• _Required action_: The answer must be an exact copy of the entries that follow, with all images removed.

***** Records to use

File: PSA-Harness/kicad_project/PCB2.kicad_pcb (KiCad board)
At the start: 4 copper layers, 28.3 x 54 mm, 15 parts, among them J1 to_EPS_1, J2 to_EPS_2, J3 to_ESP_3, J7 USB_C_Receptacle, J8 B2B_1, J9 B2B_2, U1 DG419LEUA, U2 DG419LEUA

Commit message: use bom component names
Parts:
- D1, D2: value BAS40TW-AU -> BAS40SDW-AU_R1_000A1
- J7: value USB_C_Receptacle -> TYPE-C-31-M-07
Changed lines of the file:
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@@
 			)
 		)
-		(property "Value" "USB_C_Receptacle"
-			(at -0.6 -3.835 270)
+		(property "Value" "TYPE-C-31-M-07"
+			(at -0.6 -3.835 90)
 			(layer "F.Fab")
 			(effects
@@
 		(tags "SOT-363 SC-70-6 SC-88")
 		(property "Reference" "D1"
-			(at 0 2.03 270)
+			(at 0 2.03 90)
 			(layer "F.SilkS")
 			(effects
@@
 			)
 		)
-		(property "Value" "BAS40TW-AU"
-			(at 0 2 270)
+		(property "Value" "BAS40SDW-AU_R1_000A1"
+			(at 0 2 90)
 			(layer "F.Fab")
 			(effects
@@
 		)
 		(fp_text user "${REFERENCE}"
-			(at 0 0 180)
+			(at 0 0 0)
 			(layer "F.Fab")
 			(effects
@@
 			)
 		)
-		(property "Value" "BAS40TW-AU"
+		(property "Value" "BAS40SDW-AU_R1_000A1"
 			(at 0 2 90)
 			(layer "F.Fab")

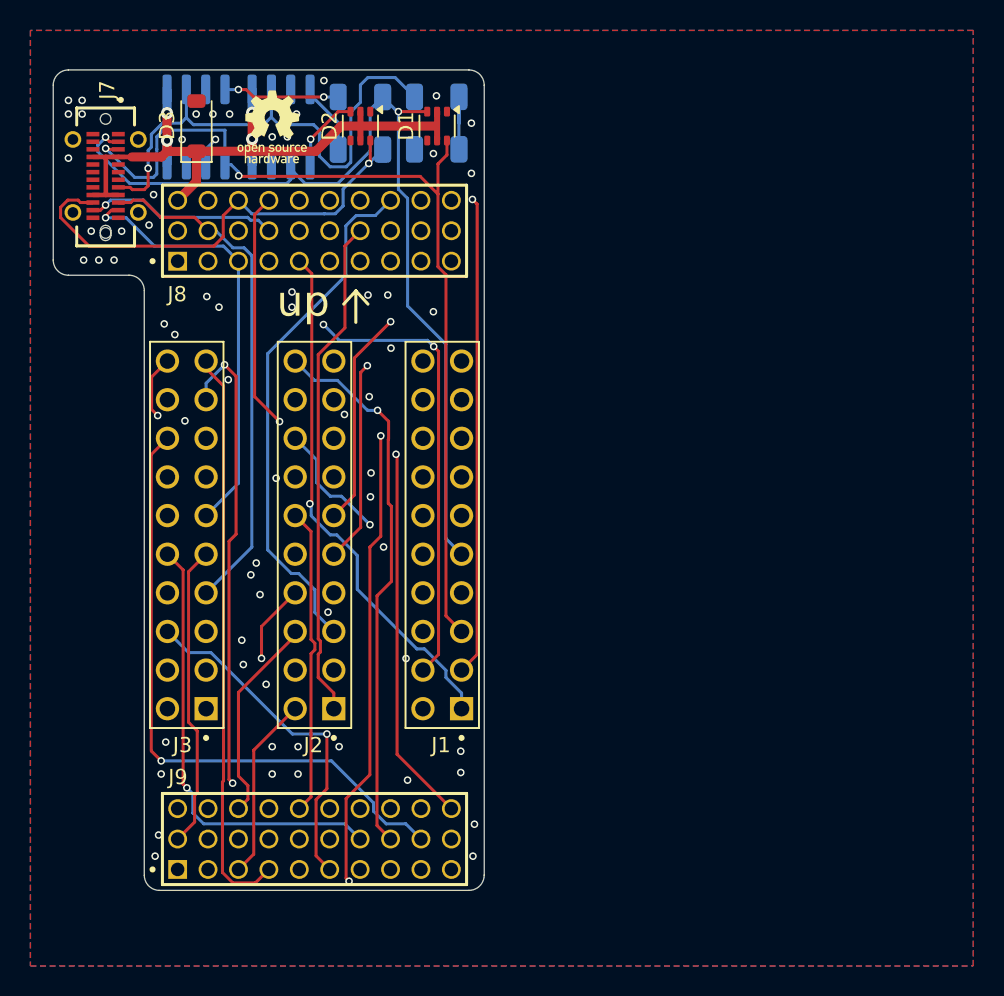
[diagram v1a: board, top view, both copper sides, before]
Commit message: move all psa harness components to top layer
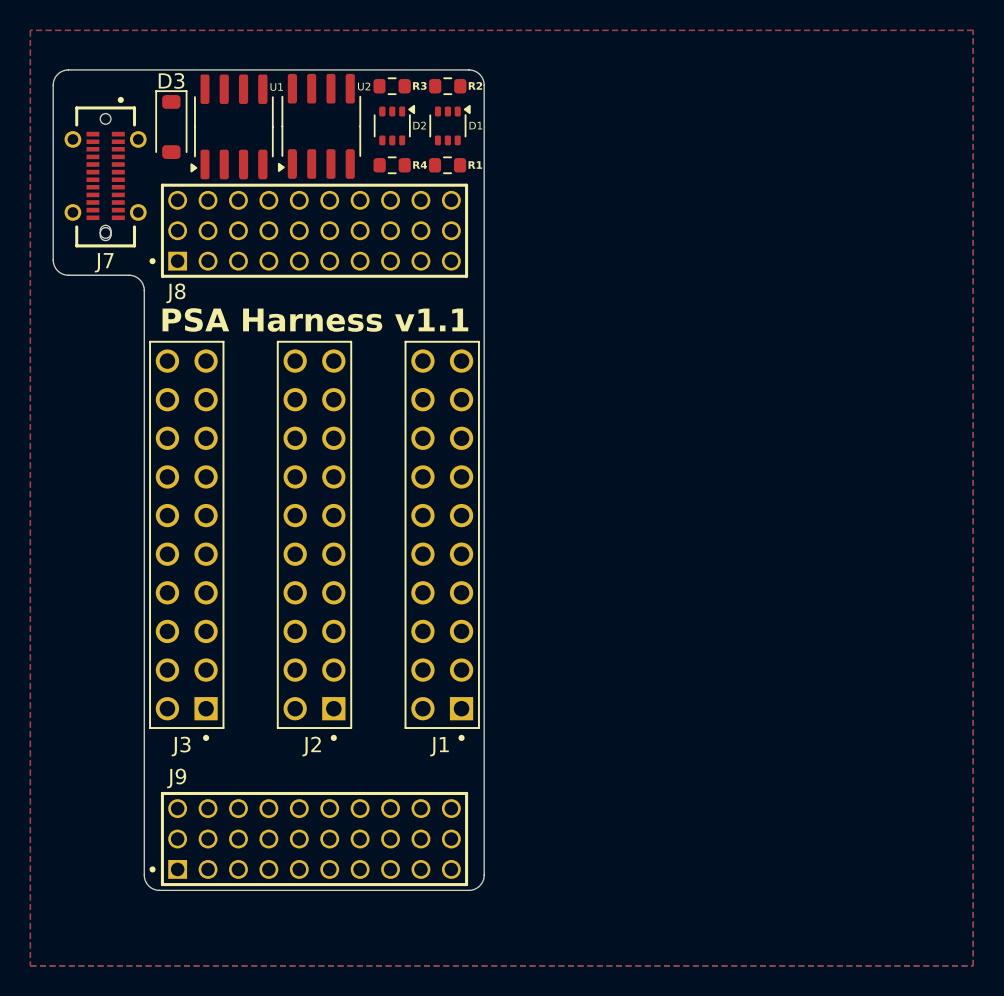
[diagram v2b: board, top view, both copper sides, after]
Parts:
- R1, R2, R3, R4: footprint Resistor_SMD:R_1206_3216Metric -> Resistor_SMD:R_0603_1608Metric; moved to F.Cu
- U1, U2: moved to F.Cu
- moved R1 5.82 mm to (114.4, 97.9), turned to 0 degrees
- moved R2 5.79 mm to (114.4, 92.7), turned to 180 degrees
- moved R4 3.11 mm to (110.8, 97.9), turned to 0 degrees
- moved R3 3.02 mm to (110.8, 92.7), turned to 180 degrees
- moved U2 2.65 mm to (106.1, 95.3)
- moved U1 2.49 mm to (100.4, 95.3)
- moved D2 2.10 mm to (110.8, 95.3)
- moved D3 1.65 mm to (96.3, 95.4), turned to -90 degrees
- moved D1 0.71 mm to (114.5, 95.3)
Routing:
- net +12V: track 81.5 -> 0.00 mm, vias 4 -> 0
- net CAN0_L: track 62.6 -> 0.00 mm, vias 2 -> 0
- net CAN0_H: track 61.6 -> 0.00 mm, vias 2 -> 0
- net 59: track 47.6 -> 0.00 mm, vias 1 -> 0
- net 60: track 47.4 -> 0.00 mm, vias 2 -> 0
- net 28: track 45.3 -> 0.00 mm, vias 2 -> 0
- net 2: track 43.6 -> 0.00 mm, vias 1 -> 0
- net 12: track 42.1 -> 0.00 mm, vias 2 -> 0
- net 58: track 41.5 -> 0.00 mm, vias 1 -> 0
- net 30: track 38.2 -> 0.00 mm, vias 1 -> 0
- net 56: track 38.0 -> 0.00 mm, vias 1 -> 0
- net CAN2_L: track 38.0 -> 0.00 mm, vias 2 -> 0
- net 50: track 37.8 -> 0.00 mm
- net SBU1: track 37.2 -> 0.00 mm, vias 1 -> 0
- net 29: track 36.2 -> 0.00 mm, vias 1 -> 0
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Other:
- board text added: "PSA Harness v1.1"
- board text removed: "up"

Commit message: CAN signals routed
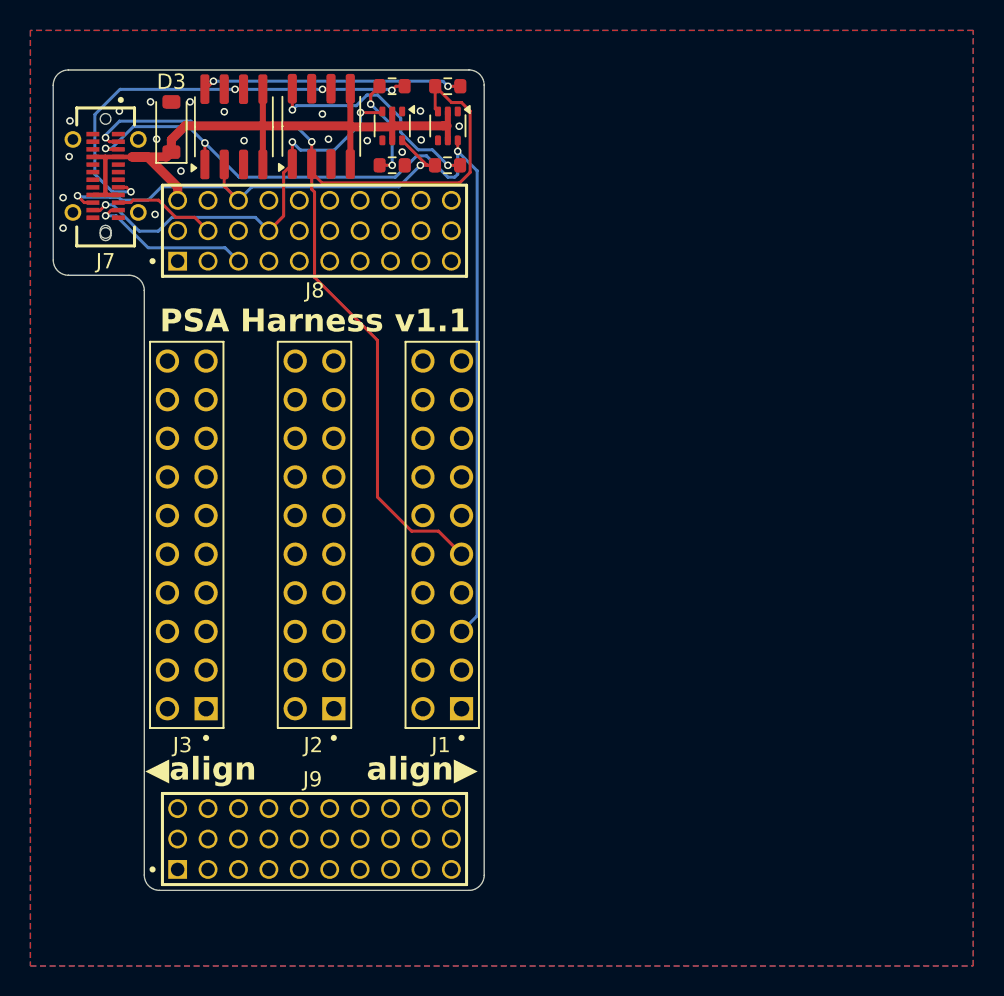
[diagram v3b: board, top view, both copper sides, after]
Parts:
- turned D3 to 90 degrees
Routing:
- net CAN0_H: track 0.00 -> 68.0 mm, vias 0 -> 2
- net CAN0_L: track 0.00 -> 63.4 mm, vias 0 -> 3
- net +12V: track 0.00 -> 47.3 mm
- net CAN2_L: track 0.00 -> 32.1 mm, vias 0 -> 2
- net SBU1: track 0.00 -> 30.1 mm, vias 0 -> 4
- net CAN2_H: track 0.00 -> 27.3 mm, vias 0 -> 3
- net Net-(R2-Pad1): track 0.00 -> 17.2 mm, vias 0 -> 2
- net Net-(R1-Pad2): track 0.00 -> 15.3 mm, vias 0 -> 2
- net CAN1_H: track 0.00 -> 11.0 mm, vias 0 -> 1
- net Net-(R3-Pad2): track 0.00 -> 6.85 mm, vias 0 -> 2
- net CAN1_L: track 0.00 -> 6.80 mm
- net GND: vias 0 -> 19
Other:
- board text added: "align▶"
- board text added: "◀align"

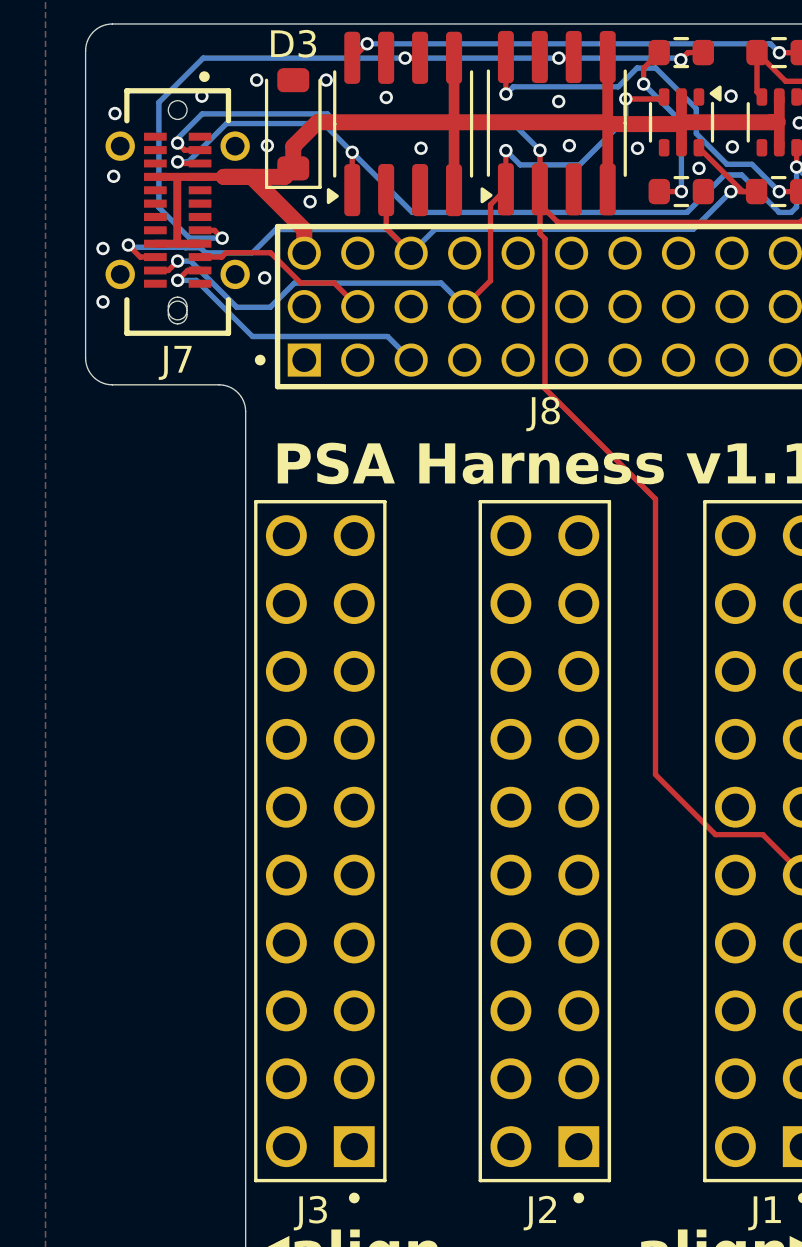
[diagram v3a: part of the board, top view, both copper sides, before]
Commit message: routed power
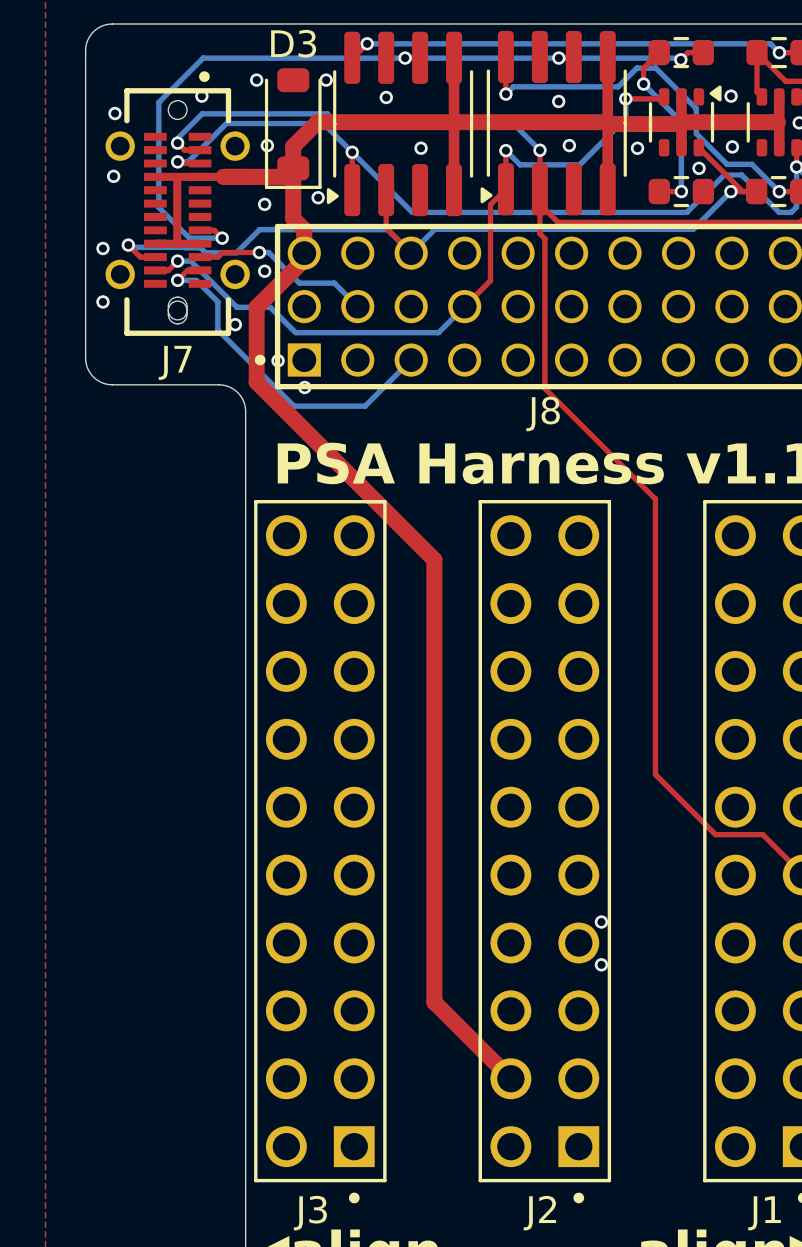
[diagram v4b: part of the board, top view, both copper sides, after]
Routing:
- net +12V: track 47.3 -> 82.6 mm
- net CAN1_H: track 11.0 -> 13.0 mm
- net CAN1_L: track 6.80 -> 6.81 mm, vias 0 -> 1
- net GND: vias 19 -> 25

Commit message: pcb2 routed
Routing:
- net 59: track 0.00 -> 51.7 mm
- net 21: track 0.00 -> 44.1 mm, vias 0 -> 2
- net 2: track 0.00 -> 43.5 mm, vias 0 -> 1
- net 60: track 0.00 -> 43.0 mm, vias 0 -> 1
- net 58: track 0.00 -> 39.5 mm, vias 0 -> 1
- net 12: track 0.00 -> 39.0 mm, vias 0 -> 1
- net 28: track 0.00 -> 38.4 mm, vias 0 -> 1
- net 40: track 0.00 -> 38.3 mm, vias 0 -> 2
- net 14: track 0.00 -> 37.8 mm, vias 0 -> 2
- net 30: track 0.00 -> 37.8 mm, vias 0 -> 1
- net 50: track 0.00 -> 37.5 mm, vias 0 -> 1
- net 57: track 0.00 -> 36.5 mm, vias 0 -> 1
- net 29: track 0.00 -> 35.6 mm, vias 0 -> 1
- net 56: track 0.00 -> 35.5 mm, vias 0 -> 1
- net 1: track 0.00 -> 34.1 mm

**********

• _Expected answer_:
File: PSA-Harness/kicad_project/PCB2.kicad_pcb (KiCad board)
At the start: 4 copper layers, 28.3 x 54 mm, 15 parts, among them J1 to_EPS_1, J2 to_EPS_2, J3 to_ESP_3, J7 USB_C_Receptacle, J8 B2B_1, J9 B2B_2, U1 DG419LEUA, U2 DG419LEUA

Commit message: use bom component names
Parts:
- D1, D2: value BAS40TW-AU -> BAS40SDW-AU_R1_000A1
- J7: value USB_C_Receptacle -> TYPE-C-31-M-07
Changed lines of the file:
@@
 			)
 		)
-		(property "Value" "USB_C_Receptacle"
-			(at -0.6 -3.835 270)
+		(property "Value" "TYPE-C-31-M-07"
+			(at -0.6 -3.835 90)
 			(layer "F.Fab")
 			(effects
@@
 		(tags "SOT-363 SC-70-6 SC-88")
 		(property "Reference" "D1"
-			(at 0 2.03 270)
+			(at 0 2.03 90)
 			(layer "F.SilkS")
 			(effects
@@
 			)
 		)
-		(property "Value" "BAS40TW-AU"
-			(at 0 2 270)
+		(property "Value" "BAS40SDW-AU_R1_000A1"
+			(at 0 2 90)
 			(layer "F.Fab")
 			(effects
@@
 		)
 		(fp_text user "${REFERENCE}"
-			(at 0 0 180)
+			(at 0 0 0)
 			(layer "F.Fab")
 			(effects
@@
 			)
 		)
-		(property "Value" "BAS40TW-AU"
+		(property "Value" "BAS40SDW-AU_R1_000A1"
 			(at 0 2 90)
 			(layer "F.Fab")

[diagram v1a: board, top view, both copper sides, before]
Commit message: move all psa harness components to top layer
[diagram v2b: board, top view, both copper sides, after]
Parts:
- R1, R2, R3, R4: footprint Resistor_SMD:R_1206_3216Metric -> Resistor_SMD:R_0603_1608Metric; moved to F.Cu
- U1, U2: moved to F.Cu
- moved R1 5.82 mm to (114.4, 97.9), turned to 0 degrees
- moved R2 5.79 mm to (114.4, 92.7), turned to 180 degrees
- moved R4 3.11 mm to (110.8, 97.9), turned to 0 degrees
- moved R3 3.02 mm to (110.8, 92.7), turned to 180 degrees
- moved U2 2.65 mm to (106.1, 95.3)
- moved U1 2.49 mm to (100.4, 95.3)
- moved D2 2.10 mm to (110.8, 95.3)
- moved D3 1.65 mm to (96.3, 95.4), turned to -90 degrees
- moved D1 0.71 mm to (114.5, 95.3)
Routing:
- net +12V: track 81.5 -> 0.00 mm, vias 4 -> 0
- net CAN0_L: track 62.6 -> 0.00 mm, vias 2 -> 0
- net CAN0_H: track 61.6 -> 0.00 mm, vias 2 -> 0
- net 59: track 47.6 -> 0.00 mm, vias 1 -> 0
- net 60: track 47.4 -> 0.00 mm, vias 2 -> 0
- net 28: track 45.3 -> 0.00 mm, vias 2 -> 0
- net 2: track 43.6 -> 0.00 mm, vias 1 -> 0
- net 12: track 42.1 -> 0.00 mm, vias 2 -> 0
- net 58: track 41.5 -> 0.00 mm, vias 1 -> 0
- net 30: track 38.2 -> 0.00 mm, vias 1 -> 0
- net 56: track 38.0 -> 0.00 mm, vias 1 -> 0
- net CAN2_L: track 38.0 -> 0.00 mm, vias 2 -> 0
- net 50: track 37.8 -> 0.00 mm
- net SBU1: track 37.2 -> 0.00 mm, vias 1 -> 0
- net 29: track 36.2 -> 0.00 mm, vias 1 -> 0
Other:
- board text added: "PSA Harness v1.1"
- board text removed: "up"

Commit message: CAN signals routed
[diagram v3b: board, top view, both copper sides, after]
Parts:
- turned D3 to 90 degrees
Routing:
- net CAN0_H: track 0.00 -> 68.0 mm, vias 0 -> 2
- net CAN0_L: track 0.00 -> 63.4 mm, vias 0 -> 3
- net +12V: track 0.00 -> 47.3 mm
- net CAN2_L: track 0.00 -> 32.1 mm, vias 0 -> 2
- net SBU1: track 0.00 -> 30.1 mm, vias 0 -> 4
- net CAN2_H: track 0.00 -> 27.3 mm, vias 0 -> 3
- net Net-(R2-Pad1): track 0.00 -> 17.2 mm, vias 0 -> 2
- net Net-(R1-Pad2): track 0.00 -> 15.3 mm, vias 0 -> 2
- net CAN1_H: track 0.00 -> 11.0 mm, vias 0 -> 1
- net Net-(R3-Pad2): track 0.00 -> 6.85 mm, vias 0 -> 2
- net CAN1_L: track 0.00 -> 6.80 mm
- net GND: vias 0 -> 19
Other:
- board text added: "align▶"
- board text added: "◀align"

[diagram v3a: part of the board, top view, both copper sides, before]
Commit message: routed power
[diagram v4b: part of the board, top view, both copper sides, after]
Routing:
- net +12V: track 47.3 -> 82.6 mm
- net CAN1_H: track 11.0 -> 13.0 mm
- net CAN1_L: track 6.80 -> 6.81 mm, vias 0 -> 1
- net GND: vias 19 -> 25

Commit message: pcb2 routed
Routing:
- net 59: track 0.00 -> 51.7 mm
- net 21: track 0.00 -> 44.1 mm, vias 0 -> 2
- net 2: track 0.00 -> 43.5 mm, vias 0 -> 1
- net 60: track 0.00 -> 43.0 mm, vias 0 -> 1
- net 58: track 0.00 -> 39.5 mm, vias 0 -> 1
- net 12: track 0.00 -> 39.0 mm, vias 0 -> 1
- net 28: track 0.00 -> 38.4 mm, vias 0 -> 1
- net 40: track 0.00 -> 38.3 mm, vias 0 -> 2
- net 14: track 0.00 -> 37.8 mm, vias 0 -> 2
- net 30: track 0.00 -> 37.8 mm, vias 0 -> 1
- net 50: track 0.00 -> 37.5 mm, vias 0 -> 1
- net 57: track 0.00 -> 36.5 mm, vias 0 -> 1
- net 29: track 0.00 -> 35.6 mm, vias 0 -> 1
- net 56: track 0.00 -> 35.5 mm, vias 0 -> 1
- net 1: track 0.00 -> 34.1 mm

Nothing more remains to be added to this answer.